Personally, I have yet to hear a movie score that stands on its own as a piece of music, divorced from the movie, the same way that Operas stand on their own as pieces of music. Care to enlighten me?


----------



## GraemeG (Jun 30, 2009)

Alexander Nevsky?

I don't think there's any film you could extract the entire score, eliminate the silence & dialogue, then just play it.
But then the visual is always paramount in a film, in opera the music and visuals are much more equal partners.
cheers,
GG


----------



## KenOC (Mar 7, 2011)

Some film music can yield fine shorter set pieces, though getting something larger in scale with a real structure is far more difficult. My ears perked up today (because of these recent discussions) when the radio played the march from Raiders of the Lost Ark. A stirring piece!

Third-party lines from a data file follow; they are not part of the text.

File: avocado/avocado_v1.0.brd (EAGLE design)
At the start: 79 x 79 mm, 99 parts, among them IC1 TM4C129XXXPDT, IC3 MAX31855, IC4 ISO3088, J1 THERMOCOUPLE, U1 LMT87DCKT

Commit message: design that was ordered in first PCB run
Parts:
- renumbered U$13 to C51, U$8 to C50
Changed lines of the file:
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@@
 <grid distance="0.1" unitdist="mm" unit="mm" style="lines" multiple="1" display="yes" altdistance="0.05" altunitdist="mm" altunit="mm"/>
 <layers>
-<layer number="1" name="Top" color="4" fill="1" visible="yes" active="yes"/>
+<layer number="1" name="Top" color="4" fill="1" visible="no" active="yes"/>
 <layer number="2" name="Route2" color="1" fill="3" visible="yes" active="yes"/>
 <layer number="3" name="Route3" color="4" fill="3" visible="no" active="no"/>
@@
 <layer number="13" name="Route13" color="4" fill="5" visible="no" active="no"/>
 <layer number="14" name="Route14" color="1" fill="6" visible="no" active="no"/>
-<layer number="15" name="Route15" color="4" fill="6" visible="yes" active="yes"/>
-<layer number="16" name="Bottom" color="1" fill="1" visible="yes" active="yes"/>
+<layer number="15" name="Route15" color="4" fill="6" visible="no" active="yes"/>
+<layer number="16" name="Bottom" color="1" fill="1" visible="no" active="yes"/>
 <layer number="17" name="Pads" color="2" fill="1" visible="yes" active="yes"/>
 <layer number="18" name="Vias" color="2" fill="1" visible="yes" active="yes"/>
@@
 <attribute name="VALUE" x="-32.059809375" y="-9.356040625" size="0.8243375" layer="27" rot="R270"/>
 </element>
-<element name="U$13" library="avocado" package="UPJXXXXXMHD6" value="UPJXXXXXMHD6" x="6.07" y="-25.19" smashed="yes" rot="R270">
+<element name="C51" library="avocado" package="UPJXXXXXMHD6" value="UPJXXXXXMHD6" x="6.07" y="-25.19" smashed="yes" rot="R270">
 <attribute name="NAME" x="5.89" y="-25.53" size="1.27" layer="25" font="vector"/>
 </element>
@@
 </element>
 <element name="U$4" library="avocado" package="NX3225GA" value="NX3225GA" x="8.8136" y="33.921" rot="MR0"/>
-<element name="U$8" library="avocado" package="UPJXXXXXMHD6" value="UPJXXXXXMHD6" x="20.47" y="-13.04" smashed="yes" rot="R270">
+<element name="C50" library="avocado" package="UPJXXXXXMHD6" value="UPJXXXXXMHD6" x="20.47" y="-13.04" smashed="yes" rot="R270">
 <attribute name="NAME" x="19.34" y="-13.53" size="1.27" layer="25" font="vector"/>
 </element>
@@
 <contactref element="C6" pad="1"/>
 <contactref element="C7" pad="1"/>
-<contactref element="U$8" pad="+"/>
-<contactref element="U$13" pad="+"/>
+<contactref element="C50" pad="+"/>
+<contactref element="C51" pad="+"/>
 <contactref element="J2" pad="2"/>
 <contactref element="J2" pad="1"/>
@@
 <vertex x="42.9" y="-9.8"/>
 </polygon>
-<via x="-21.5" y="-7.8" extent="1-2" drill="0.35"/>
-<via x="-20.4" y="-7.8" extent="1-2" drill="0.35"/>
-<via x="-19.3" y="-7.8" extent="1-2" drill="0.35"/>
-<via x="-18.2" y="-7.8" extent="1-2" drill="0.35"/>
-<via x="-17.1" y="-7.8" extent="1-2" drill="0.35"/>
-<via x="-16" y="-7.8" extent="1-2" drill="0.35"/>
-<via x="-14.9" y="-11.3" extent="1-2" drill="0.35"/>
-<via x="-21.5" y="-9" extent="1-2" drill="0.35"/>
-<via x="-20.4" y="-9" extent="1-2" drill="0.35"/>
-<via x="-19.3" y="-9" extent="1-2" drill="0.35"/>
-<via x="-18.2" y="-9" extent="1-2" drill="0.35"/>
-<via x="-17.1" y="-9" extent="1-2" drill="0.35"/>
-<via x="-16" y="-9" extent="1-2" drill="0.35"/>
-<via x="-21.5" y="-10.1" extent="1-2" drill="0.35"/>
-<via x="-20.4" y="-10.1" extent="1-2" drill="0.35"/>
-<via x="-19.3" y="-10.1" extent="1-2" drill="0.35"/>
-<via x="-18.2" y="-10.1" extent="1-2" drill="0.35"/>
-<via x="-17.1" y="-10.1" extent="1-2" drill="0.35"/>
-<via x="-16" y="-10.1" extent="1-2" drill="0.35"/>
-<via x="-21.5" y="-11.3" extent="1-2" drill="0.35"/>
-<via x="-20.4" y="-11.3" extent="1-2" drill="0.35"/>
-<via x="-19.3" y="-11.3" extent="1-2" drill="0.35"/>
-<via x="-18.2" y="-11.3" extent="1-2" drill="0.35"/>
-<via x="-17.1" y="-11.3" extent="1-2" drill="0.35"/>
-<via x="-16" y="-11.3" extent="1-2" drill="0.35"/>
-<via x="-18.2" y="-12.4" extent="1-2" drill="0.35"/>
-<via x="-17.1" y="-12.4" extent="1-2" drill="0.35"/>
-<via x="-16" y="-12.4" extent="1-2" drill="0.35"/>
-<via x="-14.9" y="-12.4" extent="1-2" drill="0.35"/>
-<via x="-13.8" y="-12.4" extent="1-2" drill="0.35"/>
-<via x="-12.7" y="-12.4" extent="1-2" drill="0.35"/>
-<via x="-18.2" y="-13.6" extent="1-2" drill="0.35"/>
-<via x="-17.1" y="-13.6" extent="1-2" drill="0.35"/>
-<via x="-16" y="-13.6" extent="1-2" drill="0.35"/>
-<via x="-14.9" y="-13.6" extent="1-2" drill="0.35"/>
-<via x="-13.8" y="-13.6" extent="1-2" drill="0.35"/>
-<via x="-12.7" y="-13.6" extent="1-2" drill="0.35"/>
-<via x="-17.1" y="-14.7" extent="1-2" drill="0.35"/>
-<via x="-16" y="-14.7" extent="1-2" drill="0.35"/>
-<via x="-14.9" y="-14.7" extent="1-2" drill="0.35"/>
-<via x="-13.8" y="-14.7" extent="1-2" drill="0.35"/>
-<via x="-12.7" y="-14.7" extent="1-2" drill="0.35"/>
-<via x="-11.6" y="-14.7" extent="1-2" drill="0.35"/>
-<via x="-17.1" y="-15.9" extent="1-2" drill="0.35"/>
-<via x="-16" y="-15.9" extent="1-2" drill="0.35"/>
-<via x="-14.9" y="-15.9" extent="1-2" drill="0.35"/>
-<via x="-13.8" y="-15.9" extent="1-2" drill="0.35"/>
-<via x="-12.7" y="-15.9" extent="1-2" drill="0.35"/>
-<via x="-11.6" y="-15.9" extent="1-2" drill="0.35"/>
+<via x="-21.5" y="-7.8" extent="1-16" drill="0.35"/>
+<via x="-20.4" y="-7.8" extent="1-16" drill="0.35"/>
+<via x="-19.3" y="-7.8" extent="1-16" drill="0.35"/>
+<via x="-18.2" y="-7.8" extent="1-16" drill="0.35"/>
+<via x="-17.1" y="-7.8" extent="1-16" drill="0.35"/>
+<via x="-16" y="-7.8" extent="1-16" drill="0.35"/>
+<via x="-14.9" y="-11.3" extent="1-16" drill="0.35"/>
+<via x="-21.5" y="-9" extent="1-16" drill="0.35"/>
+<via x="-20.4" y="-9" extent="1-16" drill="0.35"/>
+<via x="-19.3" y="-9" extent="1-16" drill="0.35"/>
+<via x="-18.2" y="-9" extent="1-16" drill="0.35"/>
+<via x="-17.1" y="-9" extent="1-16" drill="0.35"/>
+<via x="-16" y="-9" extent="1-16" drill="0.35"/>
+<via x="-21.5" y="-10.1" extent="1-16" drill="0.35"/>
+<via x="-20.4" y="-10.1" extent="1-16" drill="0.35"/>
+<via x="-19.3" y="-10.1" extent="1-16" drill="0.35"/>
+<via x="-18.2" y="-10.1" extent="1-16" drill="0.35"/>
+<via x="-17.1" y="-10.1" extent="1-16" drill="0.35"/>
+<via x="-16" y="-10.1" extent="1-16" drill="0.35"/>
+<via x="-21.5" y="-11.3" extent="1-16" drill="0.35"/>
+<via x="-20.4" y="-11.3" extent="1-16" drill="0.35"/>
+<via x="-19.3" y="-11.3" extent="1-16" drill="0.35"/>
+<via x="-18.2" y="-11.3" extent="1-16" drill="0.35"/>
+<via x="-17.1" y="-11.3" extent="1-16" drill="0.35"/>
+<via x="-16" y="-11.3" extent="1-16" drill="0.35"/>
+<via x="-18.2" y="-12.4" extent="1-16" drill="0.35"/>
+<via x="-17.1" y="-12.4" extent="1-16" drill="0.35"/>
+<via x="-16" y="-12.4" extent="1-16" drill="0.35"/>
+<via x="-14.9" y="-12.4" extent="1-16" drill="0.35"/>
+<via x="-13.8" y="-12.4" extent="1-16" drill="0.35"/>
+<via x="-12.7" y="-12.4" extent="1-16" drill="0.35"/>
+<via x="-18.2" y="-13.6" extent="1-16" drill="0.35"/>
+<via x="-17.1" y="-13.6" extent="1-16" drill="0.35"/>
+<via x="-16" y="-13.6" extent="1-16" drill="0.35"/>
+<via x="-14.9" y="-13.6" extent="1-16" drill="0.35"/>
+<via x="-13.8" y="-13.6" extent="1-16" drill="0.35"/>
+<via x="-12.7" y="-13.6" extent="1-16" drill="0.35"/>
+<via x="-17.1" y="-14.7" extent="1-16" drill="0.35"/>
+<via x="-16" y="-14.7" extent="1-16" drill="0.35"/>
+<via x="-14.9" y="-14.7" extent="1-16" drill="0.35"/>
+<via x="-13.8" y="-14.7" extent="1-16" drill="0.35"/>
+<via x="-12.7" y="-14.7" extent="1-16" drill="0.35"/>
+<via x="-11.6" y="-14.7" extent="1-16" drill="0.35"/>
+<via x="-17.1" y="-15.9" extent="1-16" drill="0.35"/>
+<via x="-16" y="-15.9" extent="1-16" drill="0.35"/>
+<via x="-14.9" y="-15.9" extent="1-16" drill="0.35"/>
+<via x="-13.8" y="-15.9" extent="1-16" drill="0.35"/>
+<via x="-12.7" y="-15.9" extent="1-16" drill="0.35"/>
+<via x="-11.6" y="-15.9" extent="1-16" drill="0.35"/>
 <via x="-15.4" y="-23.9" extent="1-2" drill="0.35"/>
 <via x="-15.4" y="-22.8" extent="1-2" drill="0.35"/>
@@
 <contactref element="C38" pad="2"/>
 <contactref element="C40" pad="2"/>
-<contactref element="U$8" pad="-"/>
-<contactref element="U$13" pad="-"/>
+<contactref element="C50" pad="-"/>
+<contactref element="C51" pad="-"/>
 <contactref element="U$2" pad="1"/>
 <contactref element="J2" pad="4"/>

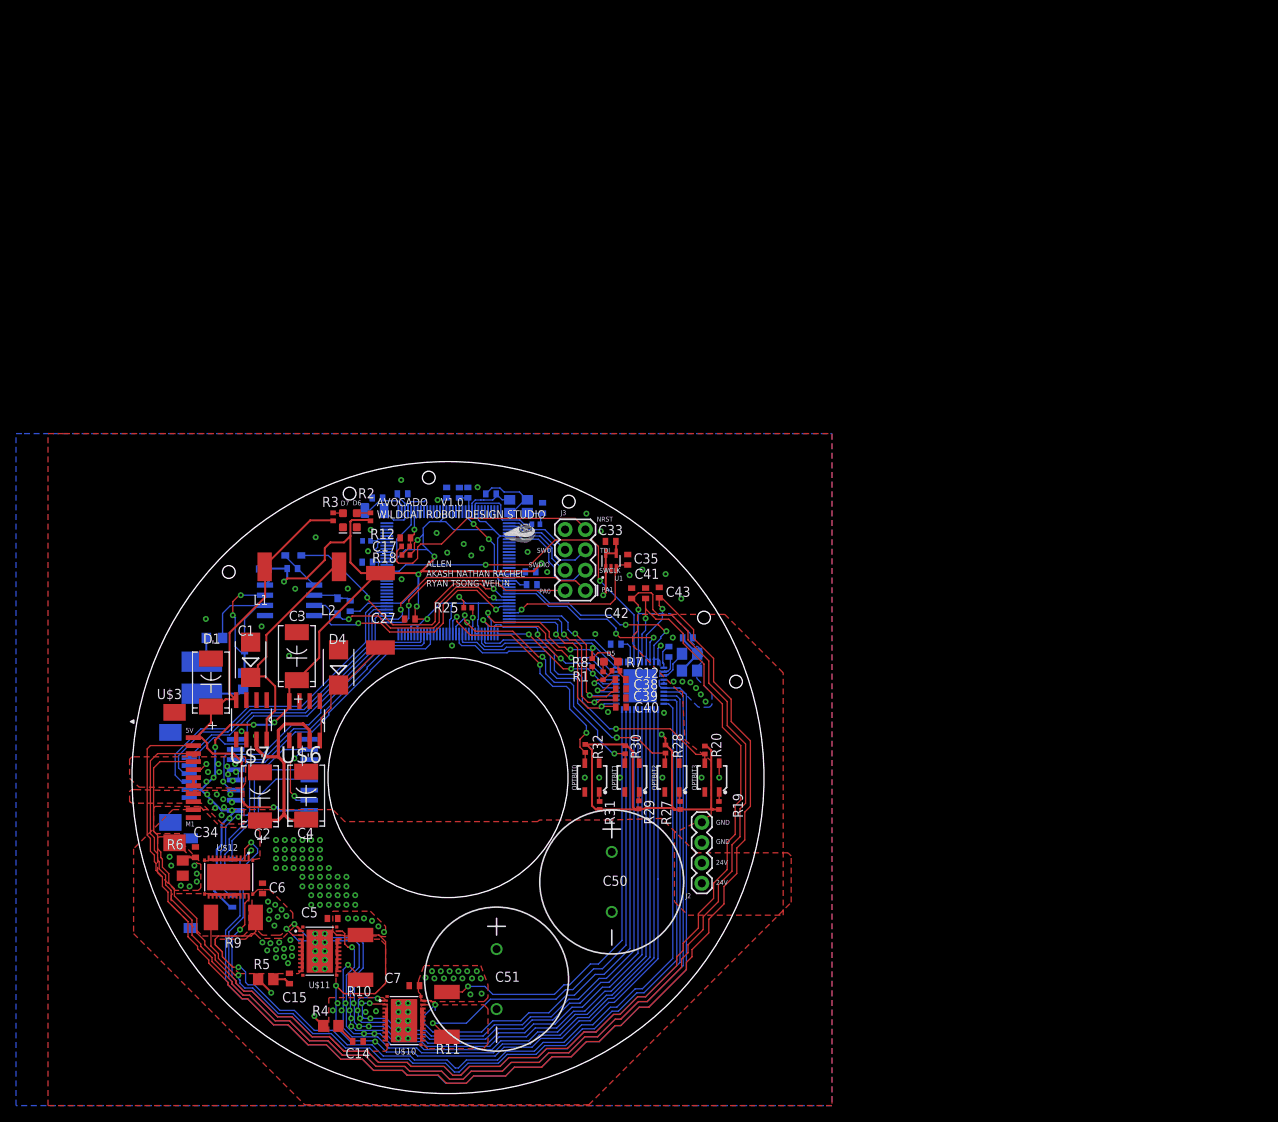
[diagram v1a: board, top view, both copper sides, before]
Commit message: removed blind vias and generated new Gerber files
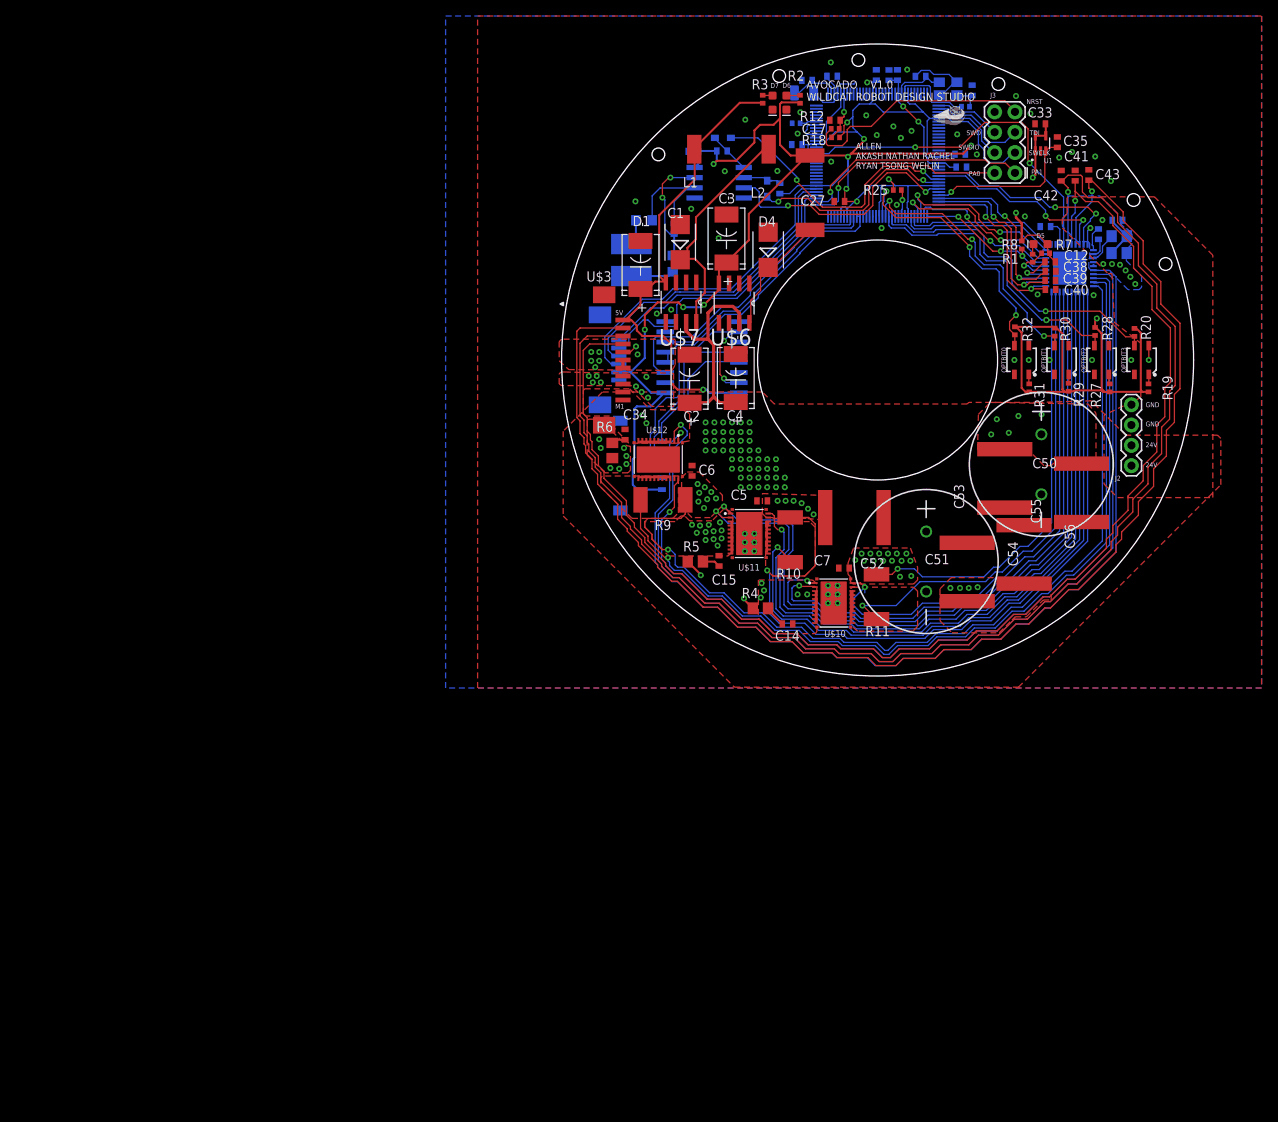
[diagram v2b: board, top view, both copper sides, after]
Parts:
- added C52, C53, C54, C55, C56: C7563, avocado:3025
- moved C1 74.9 mm to (24.1, 64.1)
- moved C10 74.9 mm to (83.9, 67.7)
- moved C11 74.9 mm to (81.3, 67.9)
- moved C12 74.9 mm to (75.3, 64.5)
- moved C13 74.9 mm to (74.7, 68.9)
- moved C14 74.9 mm to (42.4, 19.2)
- moved C15 74.9 mm to (33.9, 27.1)
- moved C17 74.9 mm to (48.4, 82.2)
- moved C18 74.9 mm to (43.6, 79.1)
- moved C19 74.9 mm to (30.7, 78.3)
- moved C2 74.9 mm to (30.2, 49.9)
- moved C20 74.9 mm to (53.5, 87.8)
- moved C21 74.9 mm to (55.1, 87.8)
- moved C22 74.9 mm to (59.1, 87.7)
- moved C23 74.9 mm to (65.5, 85.9)
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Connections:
- net 24VDC: now also C52.P$1, C53.P$1, C54.P$1, C55.P$1, C56.P$1
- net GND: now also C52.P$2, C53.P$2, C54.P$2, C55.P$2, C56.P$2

Prokofiev's _Battle on the Ice _from Alexander Nevsky has been popular since it was written.


----------



## dsphipps100 (Jan 10, 2016)

violadude said:


> Personally, I have yet to hear a movie score that stands on its own as a piece of music, divorced from the movie, the same way that Operas stand on their own as pieces of music. Care to enlighten me?


Certainly, it's very simple. I take the CD in my hand of whatever soundtrack I wish to listen to, put it in my CD player, press "Play", and listen to it just fine without the movie going, enjoying it quite thoroughly.

If people can listen to the Ride of the Valkyries, oftentimes not knowing what's going on in the original opera, and yet still enjoy it, then why can they not do the same with some equally excellent music from a film, such as "The Crack of Doom" from "The Return of the King"?

Furthermore, anything in the 19th Century that we refer to as "Incidental Music" (such as Mendelssohn's Midsummer Night's Dream, Beethoven's Egmont, Schubert's Rosamunde, or Bizet's L'arlessiene) is pretty much the pre-celluloid film days equivalent of a soundtrack. Everytime you listen to one of those, you're basically listening to a soundtrack.

How many of you here, for example, can honestly say that you know precisely what's going on in the action of the play behind the music from Egmont or Rosamunde? I don't, but it certainly doesn't stop me from enjoying the music on its own.

It used to be that, before celluloid film was around, the opera was the hottest topic around town. Read any biography of any composer who lived in Europe during the late 19th Century, and you'll find that people used to sit around in the taverns gossiping about their favorite opera singers and the latest, hottest new opera, just like today, we talk about our favorite movie stars and the latest, hottest movie.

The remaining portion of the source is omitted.